(Data entries)
== Segment start ==

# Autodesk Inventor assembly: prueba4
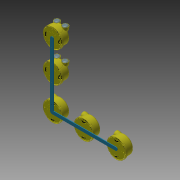
[picture p0: Inventor's stored thumbnail of the model, 180x180]
Saved by Autodesk Inventor 2015 (Build 190159000, 159)
## iProperties
Created: 2015-06-07
Part Number: prueba4
Document SubType Name: Assembly
Designer: david_000
Author: david_000
## Documents named in this file (3)
- C:\Users\david_000\Desktop\minibot-code\mechanics\prueba4.iam
- C:\Users\david_000\Desktop\minibot-code\mechanics\suelo_pruebas.ipt
- C:\Users\david_000\Desktop\minibot-code\mechanics\minibot.iam
## Components (6 placed, 2 different names)
1. suelo_pruebas:1 — Coincidencia:1, Coincidencia:2, Coincidencia:3, Coincidencia:4, Ángulo:1
2. minibot:1 [sub-assembly] — Coincidencia:1, Coincidencia:2, Nivelación:1, Nivelación:4
3. minibot:2 [sub-assembly] — Nivelación:1, Nivelación:2, Nivelación:3, Nivelación:4
4. minibot:3 [sub-assembly] — Nivelación:2, Coincidencia:3, Nivelación:3, Nivelación:5, Nivelación:6
5. minibot:4 [sub-assembly] — Coincidencia:4, Nivelación:5, Nivelación:7, Nivelación:8
6. minibot:5 [sub-assembly] — Nivelación:6, Nivelación:7, Nivelación:8, Ángulo:1
## Relationships (13: Flush 8, Mate 4, Angle 1)
- Coincidencia:1 [Mate]: suelo_pruebas:1 ↔ minibot:1
- Coincidencia:2 [Mate]: suelo_pruebas:1 ↔ minibot:1
- Nivelación:1 [Flush]: minibot:1 ↔ minibot:2
- Nivelación:2 [Flush]: minibot:2 ↔ minibot:3
- Coincidencia:3 [Mate]: suelo_pruebas:1 ↔ minibot:3
- Nivelación:3 [Flush]: minibot:2 ↔ minibot:3
- Nivelación:4 [Flush]: minibot:1 ↔ minibot:2
- Coincidencia:4 [Mate]: suelo_pruebas:1 ↔ minibot:4
- Nivelación:5 [Flush]: minibot:3 ↔ minibot:4
- Nivelación:6 [Flush]: minibot:3 ↔ minibot:5
- Nivelación:7 [Flush]: minibot:4 ↔ minibot:5
- Nivelación:8 [Flush]: minibot:4 ↔ minibot:5
- Ángulo:1 [Angle] (0 deg): suelo_pruebas:1 ↔ minibot:5
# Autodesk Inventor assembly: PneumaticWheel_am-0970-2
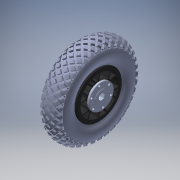
[picture p0: Inventor's stored thumbnail of the model, 180x180]
Saved by Autodesk Inventor 2016 (Build 200138000, 138)
## iProperties
Created: 2011-11-15
Part Number: PneumaticWheel_am-0970-2
Description: STEP AP214
Document SubType Name: Assembly
Designer: gus
Mass: 507.255 g
Surface Area: 2468.36 cm^2
Volume: 469.032 cm^3
Density: 1.08149 g/cm^3
Sending System: SolidWorks 2010
Preprocessor: SwSTEP 2.0
Title: Pneumatic Wheel.STEP
Author: Mark
Revision Number: ANY
## Documents named in this file (4)
- \\Mac\Home\Desktop\2016 robot cad\roller wheels\pnumatic wheel\PneumaticWheel_am-0970-2.iam
- \\Mac\Home\Desktop\2016 robot cad\roller wheels\pnumatic wheel\Tire.ipt
- \\Mac\Home\Desktop\2016 robot cad\roller wheels\pnumatic wheel\Pneumatic Hub.iam
- \\Mac\Home\Desktop\2016 robot cad\roller wheels\am-0096a+500+Hex+Hub+r2.ipt
## Components (3 placed, 3 different names)
1. Tire_1 — Rotational:1
2. Pneumatic Hub_3 [sub-assembly] — Rotational:1, Cylindrical:1, Mate:1, Mate:2
3. am-0096a+500+Hex+Hub+r2:1 — Cylindrical:1, Mate:1, Mate:2
## Relationships (4: Mate 2, RevoluteJoint 1, CylindricalJoint 1)
- Rotational:1 [RevoluteJoint]: Tire_1 ↔ Pneumatic Hub_3
- Cylindrical:1: Pneumatic Hub_3 ↔ am-0096a+500+Hex+Hub+r2:1
- Mate:1: Pneumatic Hub_3 ↔ am-0096a+500+Hex+Hub+r2:1
- Mate:2: Pneumatic Hub_3 ↔ am-0096a+500+Hex+Hub+r2:1
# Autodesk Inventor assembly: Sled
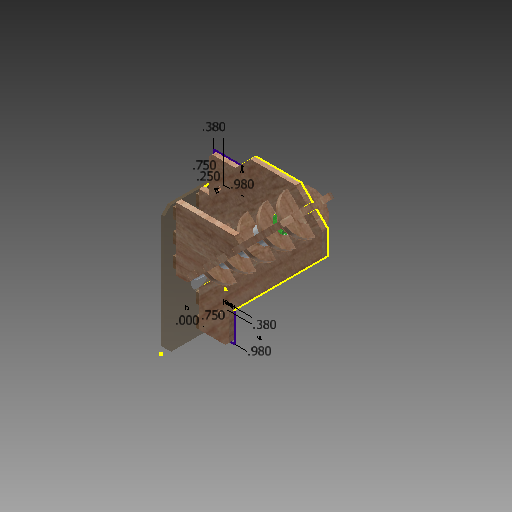
[picture p0: Inventor's stored thumbnail of the model, 512x512]
Saved by Autodesk Inventor 2019 (Build 230136000, 136)
## iProperties
Created: 2019-01-14
Part Number: Sled
Document SubType Name: Assembly
Designer: nxgam
Author: nxgam
## Documents named in this file (5)
- C:\Users\nxgam\Documents\CAD\Inventor\DiscoDraw\Sled.iam
- C:\Users\nxgam\Documents\CAD\Inventor\DiscoDraw\Sleigh.ipt
- C:\Users\nxgam\Documents\CAD\Inventor\DiscoDraw\MarkerHolder.iam
- C:\Users\nxgam\Documents\CAD\Inventor\DiscoDraw\SledSideSupport.ipt
- C:\Users\nxgam\Documents\CAD\Inventor\DiscoDraw\BeltMount.ipt
## Components (6 placed, 4 different names)
1. Sleigh:1 — Mate:1, Mate:2, Mate:3, Mate:4, Mate:5, Mate:6, Mate:7, Angle:1
2. MarkerHolder:1 [sub-assembly] — Mate:1, Mate:2, Mate:3, Mate:8, Mate:9, Mate:10, Mate:11
3. SledSideSupport:1 — Flush:1, Flush:2, Mate:5, Flush:3
4. SledSideSupport:2 — Flush:1, Flush:2, Mate:4, Mate:6, Flush:3, Mate:7
5. BeltMount:1 — Flush:4, Flush:5, Mate:10, Mate:11
6. BeltMount:2 — Mate:8, Angle:1, Flush:4, Flush:5, Mate:9
## Relationships (17: Mate 11, Flush 5, Angle 1)
- Mate:1: Sleigh:1 ↔ MarkerHolder:1
- Mate:2: Sleigh:1 ↔ MarkerHolder:1
- Mate:3: Sleigh:1 ↔ MarkerHolder:1
- Flush:1: SledSideSupport:1 ↔ SledSideSupport:2
- Flush:2: SledSideSupport:1 ↔ SledSideSupport:2
- Mate:4: Sleigh:1 ↔ SledSideSupport:2
- Mate:5: Sleigh:1 ↔ SledSideSupport:1
- Mate:6: Sleigh:1 ↔ SledSideSupport:2
- Flush:3: SledSideSupport:1 ↔ SledSideSupport:2
- Mate:7: Sleigh:1 ↔ SledSideSupport:2
- Mate:8: MarkerHolder:1 ↔ BeltMount:2
- Angle:1 (90 deg): Sleigh:1 ↔ BeltMount:2
- Flush:4: BeltMount:1 ↔ BeltMount:2
- Flush:5: BeltMount:1 ↔ BeltMount:2
- Mate:9: MarkerHolder:1 ↔ BeltMount:2
- Mate:10: MarkerHolder:1 ↔ BeltMount:1
- Mate:11: MarkerHolder:1 ↔ BeltMount:1

== Segment end ==

• **Work to be completed**: From the first line to the last, set down the records exactly, leaving out images.

• **Exercise solution**:
# Autodesk Inventor assembly: prueba4
[picture p0: Inventor's stored thumbnail of the model, 180x180]
Saved by Autodesk Inventor 2015 (Build 190159000, 159)
## iProperties
Created: 2015-06-07
Part Number: prueba4
Document SubType Name: Assembly
Designer: david_000
Author: david_000
## Documents named in this file (3)
- C:\Users\david_000\Desktop\minibot-code\mechanics\prueba4.iam
- C:\Users\david_000\Desktop\minibot-code\mechanics\suelo_pruebas.ipt
- C:\Users\david_000\Desktop\minibot-code\mechanics\minibot.iam
## Components (6 placed, 2 different names)
1. suelo_pruebas:1 — Coincidencia:1, Coincidencia:2, Coincidencia:3, Coincidencia:4, Ángulo:1
2. minibot:1 [sub-assembly] — Coincidencia:1, Coincidencia:2, Nivelación:1, Nivelación:4
3. minibot:2 [sub-assembly] — Nivelación:1, Nivelación:2, Nivelación:3, Nivelación:4
4. minibot:3 [sub-assembly] — Nivelación:2, Coincidencia:3, Nivelación:3, Nivelación:5, Nivelación:6
5. minibot:4 [sub-assembly] — Coincidencia:4, Nivelación:5, Nivelación:7, Nivelación:8
6. minibot:5 [sub-assembly] — Nivelación:6, Nivelación:7, Nivelación:8, Ángulo:1
## Relationships (13: Flush 8, Mate 4, Angle 1)
- Coincidencia:1 [Mate]: suelo_pruebas:1 ↔ minibot:1
- Coincidencia:2 [Mate]: suelo_pruebas:1 ↔ minibot:1
- Nivelación:1 [Flush]: minibot:1 ↔ minibot:2
- Nivelación:2 [Flush]: minibot:2 ↔ minibot:3
- Coincidencia:3 [Mate]: suelo_pruebas:1 ↔ minibot:3
- Nivelación:3 [Flush]: minibot:2 ↔ minibot:3
- Nivelación:4 [Flush]: minibot:1 ↔ minibot:2
- Coincidencia:4 [Mate]: suelo_pruebas:1 ↔ minibot:4
- Nivelación:5 [Flush]: minibot:3 ↔ minibot:4
- Nivelación:6 [Flush]: minibot:3 ↔ minibot:5
- Nivelación:7 [Flush]: minibot:4 ↔ minibot:5
- Nivelación:8 [Flush]: minibot:4 ↔ minibot:5
- Ángulo:1 [Angle] (0 deg): suelo_pruebas:1 ↔ minibot:5
# Autodesk Inventor assembly: PneumaticWheel_am-0970-2
[picture p0: Inventor's stored thumbnail of the model, 180x180]
Saved by Autodesk Inventor 2016 (Build 200138000, 138)
## iProperties
Created: 2011-11-15
Part Number: PneumaticWheel_am-0970-2
Description: STEP AP214
Document SubType Name: Assembly
Designer: gus
Mass: 507.255 g
Surface Area: 2468.36 cm^2
Volume: 469.032 cm^3
Density: 1.08149 g/cm^3
Sending System: SolidWorks 2010
Preprocessor: SwSTEP 2.0
Title: Pneumatic Wheel.STEP
Author: Mark
Revision Number: ANY
## Documents named in this file (4)
- \\Mac\Home\Desktop\2016 robot cad\roller wheels\pnumatic wheel\PneumaticWheel_am-0970-2.iam
- \\Mac\Home\Desktop\2016 robot cad\roller wheels\pnumatic wheel\Tire.ipt
- \\Mac\Home\Desktop\2016 robot cad\roller wheels\pnumatic wheel\Pneumatic Hub.iam
- \\Mac\Home\Desktop\2016 robot cad\roller wheels\am-0096a+500+Hex+Hub+r2.ipt
## Components (3 placed, 3 different names)
1. Tire_1 — Rotational:1
2. Pneumatic Hub_3 [sub-assembly] — Rotational:1, Cylindrical:1, Mate:1, Mate:2
3. am-0096a+500+Hex+Hub+r2:1 — Cylindrical:1, Mate:1, Mate:2
## Relationships (4: Mate 2, RevoluteJoint 1, CylindricalJoint 1)
- Rotational:1 [RevoluteJoint]: Tire_1 ↔ Pneumatic Hub_3
- Cylindrical:1: Pneumatic Hub_3 ↔ am-0096a+500+Hex+Hub+r2:1
- Mate:1: Pneumatic Hub_3 ↔ am-0096a+500+Hex+Hub+r2:1
- Mate:2: Pneumatic Hub_3 ↔ am-0096a+500+Hex+Hub+r2:1
# Autodesk Inventor assembly: Sled
[picture p0: Inventor's stored thumbnail of the model, 512x512]
Saved by Autodesk Inventor 2019 (Build 230136000, 136)
## iProperties
Created: 2019-01-14
Part Number: Sled
Document SubType Name: Assembly
Designer: nxgam
Author: nxgam
## Documents named in this file (5)
- C:\Users\nxgam\Documents\CAD\Inventor\DiscoDraw\Sled.iam
- C:\Users\nxgam\Documents\CAD\Inventor\DiscoDraw\Sleigh.ipt
- C:\Users\nxgam\Documents\CAD\Inventor\DiscoDraw\MarkerHolder.iam
- C:\Users\nxgam\Documents\CAD\Inventor\DiscoDraw\SledSideSupport.ipt
- C:\Users\nxgam\Documents\CAD\Inventor\DiscoDraw\BeltMount.ipt
## Components (6 placed, 4 different names)
1. Sleigh:1 — Mate:1, Mate:2, Mate:3, Mate:4, Mate:5, Mate:6, Mate:7, Angle:1
2. MarkerHolder:1 [sub-assembly] — Mate:1, Mate:2, Mate:3, Mate:8, Mate:9, Mate:10, Mate:11
3. SledSideSupport:1 — Flush:1, Flush:2, Mate:5, Flush:3
4. SledSideSupport:2 — Flush:1, Flush:2, Mate:4, Mate:6, Flush:3, Mate:7
5. BeltMount:1 — Flush:4, Flush:5, Mate:10, Mate:11
6. BeltMount:2 — Mate:8, Angle:1, Flush:4, Flush:5, Mate:9
## Relationships (17: Mate 11, Flush 5, Angle 1)
- Mate:1: Sleigh:1 ↔ MarkerHolder:1
- Mate:2: Sleigh:1 ↔ MarkerHolder:1
- Mate:3: Sleigh:1 ↔ MarkerHolder:1
- Flush:1: SledSideSupport:1 ↔ SledSideSupport:2
- Flush:2: SledSideSupport:1 ↔ SledSideSupport:2
- Mate:4: Sleigh:1 ↔ SledSideSupport:2
- Mate:5: Sleigh:1 ↔ SledSideSupport:1
- Mate:6: Sleigh:1 ↔ SledSideSupport:2
- Flush:3: SledSideSupport:1 ↔ SledSideSupport:2
- Mate:7: Sleigh:1 ↔ SledSideSupport:2
- Mate:8: MarkerHolder:1 ↔ BeltMount:2
- Angle:1 (90 deg): Sleigh:1 ↔ BeltMount:2
- Flush:4: BeltMount:1 ↔ BeltMount:2
- Flush:5: BeltMount:1 ↔ BeltMount:2
- Mate:9: MarkerHolder:1 ↔ BeltMount:2
- Mate:10: MarkerHolder:1 ↔ BeltMount:1
- Mate:11: MarkerHolder:1 ↔ BeltMount:1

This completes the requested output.